1. **Protection Layers**:
   - CORS configuration
   - Rate limiting
   - Request validation
   - Error sanitization

2. **Monitoring**:
   - Request tracking
   - Error logging
   - Access patterns
   - Security events

```go
// Add security middleware
s.Router.Use(middleware.Secure())
s.Router.Use(middleware.CORS())
s.Router.Use(middleware.RateLimiter(middleware.NewRateLimiterMemoryStore(20)))

// Add request ID tracking
s.Router.Use(middleware.RequestID())

// Add recovery middleware
s.Router.Use(middleware.RecoverWithConfig(middleware.RecoverConfig{
    StackSize:  1 << 10, // 1 KB
    LogLevel:   log.ERROR,
    LogErrorFunc: func(c echo.Context, err error, stack []byte) error {
        log.Error().
            Err(err).
            Str("stack", string(stack)).
            Msg("Panic recovered")
        return nil
    },
}))
```

## Complete Project Structure

Your final project structure should look like this:

```
my-parka-app/
├── cmd/
│   └── server/
│       └── main.go
├── config/
│   └── config.yaml
├── pkg/
│   ├── commands/
│   │   └── hello.go
│   └── handlers/
│       └── custom_handlers.go
├── static/
│   ├── css/
│   │   └── style.css
│   └── js/
│       └── main.js
├── templates/
│   ├── layouts/
│   │   └── base.tmpl.html
│   ├── pages/
│   │   └── index.tmpl.html
│   └── commands/
│       ├── index.tmpl.html
│       └── view.tmpl.html
├── go.mod
└── go.sum
```

## Running the Server

Start the server in development mode:

```bash
go run cmd/server/main.go --dev
```

For production:

```bash
go build -o my-server cmd/server/main.go
./my-server
```

## Further Enhancements

1. Add authentication and authorization
2. Implement WebSocket support for real-time updates
3. Add database integration
4. Create a custom UI theme
5. Add monitoring and metrics
6. Implement caching
7. Add API documentation using Swagger/OpenAPI

## Troubleshooting

Common issues and solutions:

1. Template not found
   - Check template paths
   - Verify template lookup configuration
   - Enable development mode for detailed errors

2. Static files not serving
   - Verify file permissions
   - Check static path configuration
   - Ensure files exist in the correct location

3. Command not found
   - Verify command registration
   - Check repository configuration
   - Enable debug logging

## Further Reading

- [Parka Server Documentation](./01-parka-server.md)
- [Handlers Documentation](./02-handlers.md)
- [Echo Framework Documentation](https://echo.labstack.com/)
- [Glazed Command Documentation](https://github.com/go-go-golems/glazed)
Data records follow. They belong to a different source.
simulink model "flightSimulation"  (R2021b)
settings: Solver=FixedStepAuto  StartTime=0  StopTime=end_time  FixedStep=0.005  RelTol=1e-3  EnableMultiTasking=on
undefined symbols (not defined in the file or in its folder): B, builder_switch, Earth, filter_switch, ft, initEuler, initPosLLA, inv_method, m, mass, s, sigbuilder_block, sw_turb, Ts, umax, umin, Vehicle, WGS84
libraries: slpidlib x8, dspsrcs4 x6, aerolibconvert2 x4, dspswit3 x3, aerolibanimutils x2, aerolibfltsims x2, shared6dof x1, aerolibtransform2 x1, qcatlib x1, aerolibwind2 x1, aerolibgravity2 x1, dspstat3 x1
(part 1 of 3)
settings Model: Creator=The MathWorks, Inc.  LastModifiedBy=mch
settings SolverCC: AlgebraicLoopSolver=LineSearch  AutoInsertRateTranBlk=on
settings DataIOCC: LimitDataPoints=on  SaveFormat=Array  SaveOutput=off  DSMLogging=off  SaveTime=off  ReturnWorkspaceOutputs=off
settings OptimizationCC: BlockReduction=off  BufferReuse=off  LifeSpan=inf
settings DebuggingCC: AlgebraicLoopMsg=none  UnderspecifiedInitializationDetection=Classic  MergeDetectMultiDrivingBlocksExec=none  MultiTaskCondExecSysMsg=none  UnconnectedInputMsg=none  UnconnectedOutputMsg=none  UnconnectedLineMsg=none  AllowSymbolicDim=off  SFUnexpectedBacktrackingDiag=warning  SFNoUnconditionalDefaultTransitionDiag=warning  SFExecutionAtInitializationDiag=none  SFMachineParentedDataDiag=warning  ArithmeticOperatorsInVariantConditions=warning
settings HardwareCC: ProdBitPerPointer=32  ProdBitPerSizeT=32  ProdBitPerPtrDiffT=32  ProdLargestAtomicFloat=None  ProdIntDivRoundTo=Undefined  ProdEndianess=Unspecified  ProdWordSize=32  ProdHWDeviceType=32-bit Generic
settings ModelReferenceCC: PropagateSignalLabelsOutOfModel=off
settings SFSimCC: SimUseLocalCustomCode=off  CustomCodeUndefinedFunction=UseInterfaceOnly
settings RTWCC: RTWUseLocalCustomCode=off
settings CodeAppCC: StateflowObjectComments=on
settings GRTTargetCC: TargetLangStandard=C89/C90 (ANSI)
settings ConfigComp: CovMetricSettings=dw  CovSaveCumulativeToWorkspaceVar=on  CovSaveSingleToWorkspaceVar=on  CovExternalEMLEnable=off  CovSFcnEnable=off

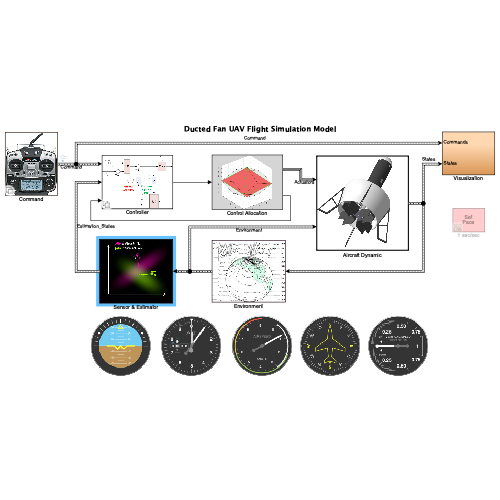
[thumbnail: Simulink's stored preview of the top-level diagram]
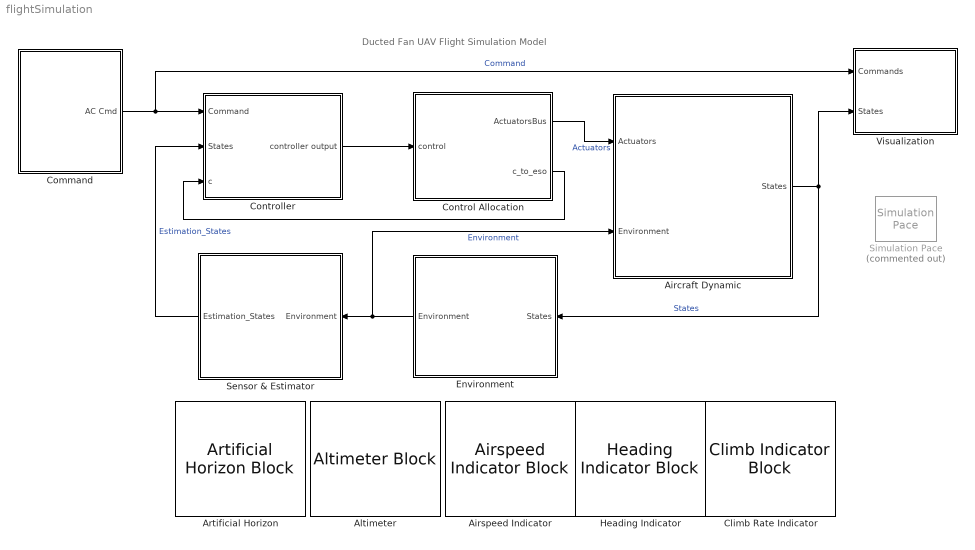
== system flightSimulation ==
  note: Ducted Fan UAV Flight Simulation Model
  Aircraft Dynamic : Subsystem  TreatAsAtomicUnit=on
      mask init:
      | vehicleNonlinearVars;
      settings: MinAlgLoopOccurrences=on
      mask Display: image('DuctedFanUAV.JPG');
  Airspeed Indicator : AirspeedIndicatorBlock  LabelPosition=Hide  ScaleMin=0  ScaleMax=9
  Altimeter : AltimeterBlock  LabelPosition=Hide
  Artificial Horizon : ArtificialHorizonBlock  LabelPosition=Hide
  Climb Rate Indicator : ClimbIndicatorBlock  LabelPosition=Hide  ScaleMax=1000
  Command : Subsystem  Variant=on
      mask Display: image('61gyiDMUFkL._AC_SX522_.jpg');
  Control Allocation : Subsystem
      mask Display: image('AMS.png');
  Controller : Subsystem  Variant=on  VariantControl=Variant1
  Environment : Subsystem
      mask Display: image('Magnetic_Storm_Oct_2003.jpg');
  Heading Indicator : HeadingIndicatorBlock  LabelPosition=Hide
  Sensor & Estimator : Subsystem
      mask Display: image('estimator.jpg');
  Simulation Pace : aerolibanimutils/Simulation Pace  Commented=on  SimulationPace=1  SleepMode=MATLAB Thread  OutputPaceError=off  SampleTime=Ts
      settings: AttributesFormatString=%<SimulationPace> sec/sec
  Visualization : Subsystem
  wires:
  Aircraft Dynamic/1(States) -> Environment/1(States), Visualization/2(States)  "States"
  Environment/1(Environment) -> Aircraft Dynamic/2(Environment), Sensor & Estimator/1(Environment)  "Environment"
  Command/1(AC Cmd) -> Visualization/1(Commands), Controller/1("Command ")  "Command"
  Control Allocation/1(ActuatorsBus) -> Aircraft Dynamic/1(Actuators)  "Actuators"
  Sensor & Estimator/1(Estimation_States) -> Controller/2(States)  "Estimation_States"
  Controller/1(controller output) -> Control Allocation/1(control)
  Control Allocation/2(c_to_eso) -> Controller/3(c)

== system flightSimulation/Aircraft Dynamic ==
  note: Plant
  note: A_be: the accelerations in body-fixed axes with respect to inertial frame (flat Earth). A_be=R_n2b*d(V^n)/dt
      | A_bb: the accelerations in body-fixed axes with respect to body frame. A_bb=d(V^b)/dt
  Actuators : Inport  OutDataTypeStr=Bus: ActuatorsBus
  Environment : Inport  Port=2  OutDataTypeStr=Bus: EnvironmentBus
  6DOF (Quaternion) : shared6dof/6DOF (Euler Angles)  units=Metric (MKS)  mtype=Fixed  rep=Euler Angles  xme_0=initPosNED  Vm_0=initVb  eul_0=initEuler  pm_0=initAngRates  mass_0=mass  mass_e=0.5  mass_f=2.0  inertia=inertia  inertia_e=eye(3)  inertia_f=2*eye(3)  k_quat=Vehicle.Nonlinear.Nonlinear.SixDOF.quatGain  vre_flag=on  abi_flag=on  aMode=aMode  xme_statename=''  Vm_statename=''  eul_statename=''  quat_statename=''  pm_statename=''  mass_statename=''
      settings: SourceProductBaseCode=AE,PW,DR,MT,UV,VE
  Bus setup : Subsystem
  Calculation force : Subsystem
  Calculation torque : Subsystem
  Position on Earth : Subsystem  Priority=1  TreatAsAtomicUnit=on
  Terminator : Terminator
  States : Outport  VectorParamsAs1DForOutWhenUnconnected=off
  wires:
  Actuators/1 -> Calculation torque/1(ActuatorsBus), Calculation force/1(ActuatorsBus)  "ActuatorsBus"
  Environment/1 -> Calculation force/2(EnvironmentBus), Calculation torque/2(EnvironmentBus)  "Environment"
  6DOF (Quaternion)/9 -> Bus setup/9(Accel_b)
  6DOF (Quaternion)/8 -> Terminator/1
  6DOF (Quaternion)/3 -> Bus setup/4(Euler)
  6DOF (Quaternion)/6 -> Bus setup/7(Omega_b)
  Calculation torque/1(M^b) -> 6DOF (Quaternion)/2
  Calculation force/1(F^b) -> 6DOF (Quaternion)/1
  Bus setup/1(States) -> States/1  "StatesBus"
  6DOF (Quaternion)/4 -> Bus setup/5(DCM_be)  "Rn2b"
  6DOF (Quaternion)/7 -> Bus setup/8(dOmega_b)
  6DOF (Quaternion)/5 -> Bus setup/6(V_b)
  6DOF (Quaternion)/2 -> Position on Earth/1(Xe), Bus setup/3(X_ned)
  6DOF (Quaternion)/1 -> Bus setup/2(V_ned)
  Position on Earth/1(LLA) -> Bus setup/1(LLA)

== system flightSimulation/Command ==
  note: VSS_COMMAND = 0 will select Signal Builder
      | VSS_COMMAND =1 will select Joystick + Signal Builder
      | VSS_COMMAND = 2 will select pre-saved data from .mat file
      | VSS_COMMAND = 3 will select user
  Data : Subsystem  VariantControl=VSS_COMMAND_PRESAVED
  Joystick : Subsystem  VariantControl=VSS_COMMAND_JOYSTICK
  Signal Builder : Subsystem  VariantControl=VSS_COMMAND_SIGBLDR
  user : Subsystem  VariantControl=VSS_COMMAND_user
  AC Cmd : Outport  OutDataTypeStr=Bus: CommandBus  VectorParamsAs1DForOutWhenUnconnected=off

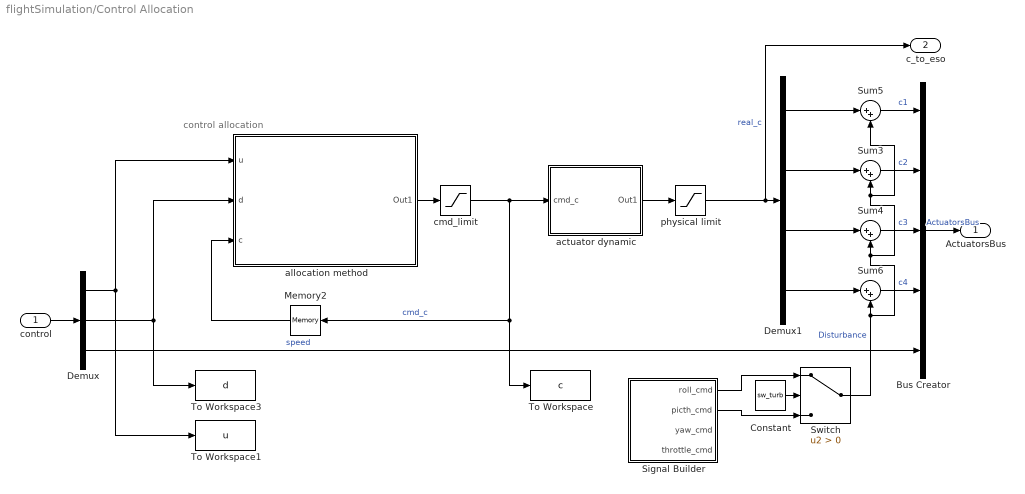
== system flightSimulation/Control Allocation ==
  note: control allocation
  control : Inport
  Bus Creator : BusCreator  Inputs=5  OutDataTypeStr=Bus: ActuatorsBus
  Constant : Constant  Value=sw_turb
  Demux : Demux  Outputs=[3,3,1]
  Demux1 : Demux
  Memory2 : Memory  InitialCondition=[0;0;0;0]  InheritSampleTime=on  LinearizeAsDelay=on
  Signal Builder : Subsystem  Tag=STV Subsys  LoadFcn=sigbuilder_block('load');  StartFcn=sigbuilder_block('start');  StopFcn=sigbuilder_block('stop');  ClipboardFcn=sigbuilder_block('clipboard');  mask(Sigbuilder block){tuvar=[0:10]}
      mask help: Simulink:masks:SigbuilderBlock_MD
      mask init:
      | if ~strcmp(get_param(bdroot(gcbh),'SimulationStatus'),'stopped') tuvar = sigbuilder_block('maskInit'); end
      settings: CopyFcn=sigbuilder_block('copy');  DeleteFcn=sigbuilder_block('delete');  ModelCloseFcn=sigbuilder_block('modelClose');  PreSaveFcn=sigbuilder_block('preSave');  PauseFcn=sigbuilder_block('pause');  ContinueFcn=sigbuilder_block('continue');  NameChangeFcn=sigbuilder_block('namechange');  OpenFcn=sigbuilder_block('open',[336 114 630 307.5 ]);  CloseFcn=sigbuilder_block('close');
      mask Display: plot(0, 0, 100, 100,[2, 2, 32, 32, 2], [68, 8, 8, 68, 68],[32, 2], [38, 38], [32, 19, 2],[53, 60, 44], [32, 17, 17, 2],[16, 16, 31, 31]);txt = getActiveGroup(gcbh);text(2, 100, txt,'verticalAlignment', 'top');
  Sum{3..6} (4 alike) : Sum  Inputs=|++
  Switch : Switch  Criteria=u2 > Threshold
  To Workspace : ToWorkspace  VariableName=c  SaveFormat=Timeseries  SampleTime=0.01
  To Workspace1 : ToWorkspace  VariableName=u  SaveFormat=Timeseries  SampleTime=0.01
  To Workspace3 : ToWorkspace  VariableName=d  SaveFormat=Timeseries  SampleTime=0.01
  actuator dynamic : Subsystem
  allocation method : Subsystem  Variant=on
  cmd_limit : Saturate  UpperLimit=umax  LowerLimit=umin
  physical limit : Saturate  UpperLimit=umax  LowerLimit=umin
  ActuatorsBus : Outport  OutDataTypeStr=Bus: ActuatorsBus  VectorParamsAs1DForOutWhenUnconnected=off
  c_to_eso : Outport  Port=2  VectorParamsAs1DForOutWhenUnconnected=off
  wires:
  Bus Creator/1 -> ActuatorsBus/1  "ActuatorsBus"
  control/1 -> Demux/1
  Demux/3 -> Bus Creator/5  "speed"
  Demux/2 -> allocation method/2(d), To Workspace3/1
  actuator dynamic/1(Out1) -> physical limit/1
  physical limit/1 -> c_to_eso/1, Demux1/1  "real_c"
  cmd_limit/1 -> actuator dynamic/1(cmd_c), To Workspace/1, Memory2/1  "cmd_c"
  Switch/1 -> Sum5/2, Sum3/2, Sum4/2, Sum6/2  "Disturbance"
  Constant/1 -> Switch/2
  Signal Builder/2(picth_cmd) -> Switch/3
  Signal Builder/1(roll_cmd) -> Switch/1
  allocation method/1(Out1) -> cmd_limit/1
  Demux1/4 -> Sum6/1
  Demux1/3 -> Sum4/1
  Demux1/2 -> Sum3/1
  Demux1/1 -> Sum5/1
  Memory2/1 -> allocation method/3(c)
  Sum6/1 -> Bus Creator/4  "c4"
  Sum4/1 -> Bus Creator/3  "c3"
  Sum3/1 -> Bus Creator/2  "c2"
  Sum5/1 -> Bus Creator/1  "c1"
  Demux/1 -> allocation method/1(u), To Workspace1/1

== system flightSimulation/Controller ==
  "Command " : Inport  OutDataTypeStr=Bus: CommandBus
  States : Inport  Port=2  OutDataTypeStr=Bus: StatesBus
  c : Inport  Port=3
  ADRC : Subsystem  VariantControl=controller==0
      mask Display: image('Block-Diagram-of-ADRC-Controller.png');
  PID : Subsystem  VariantControl=controller==1
      mask Display: image('PID_en-1024x364.jpg');
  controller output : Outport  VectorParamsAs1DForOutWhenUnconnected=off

## Putting It All Together

Now that we understand each component, here's how they work together in a typical request:

1. **HTTP Request Arrives**:
   ```
   GET /commands/hello?name=World
   ```

2. **Request Processing**:
   - Echo routes to correct handler
   - Command handler parses parameters
   - Command executes with parameters
   - Output is formatted according to endpoint

3. **Response Generation**:
   - Handler formats command output
   - Middleware processes response
   - Content is sent to client

This flow combines all the components we've built into a cohesive system.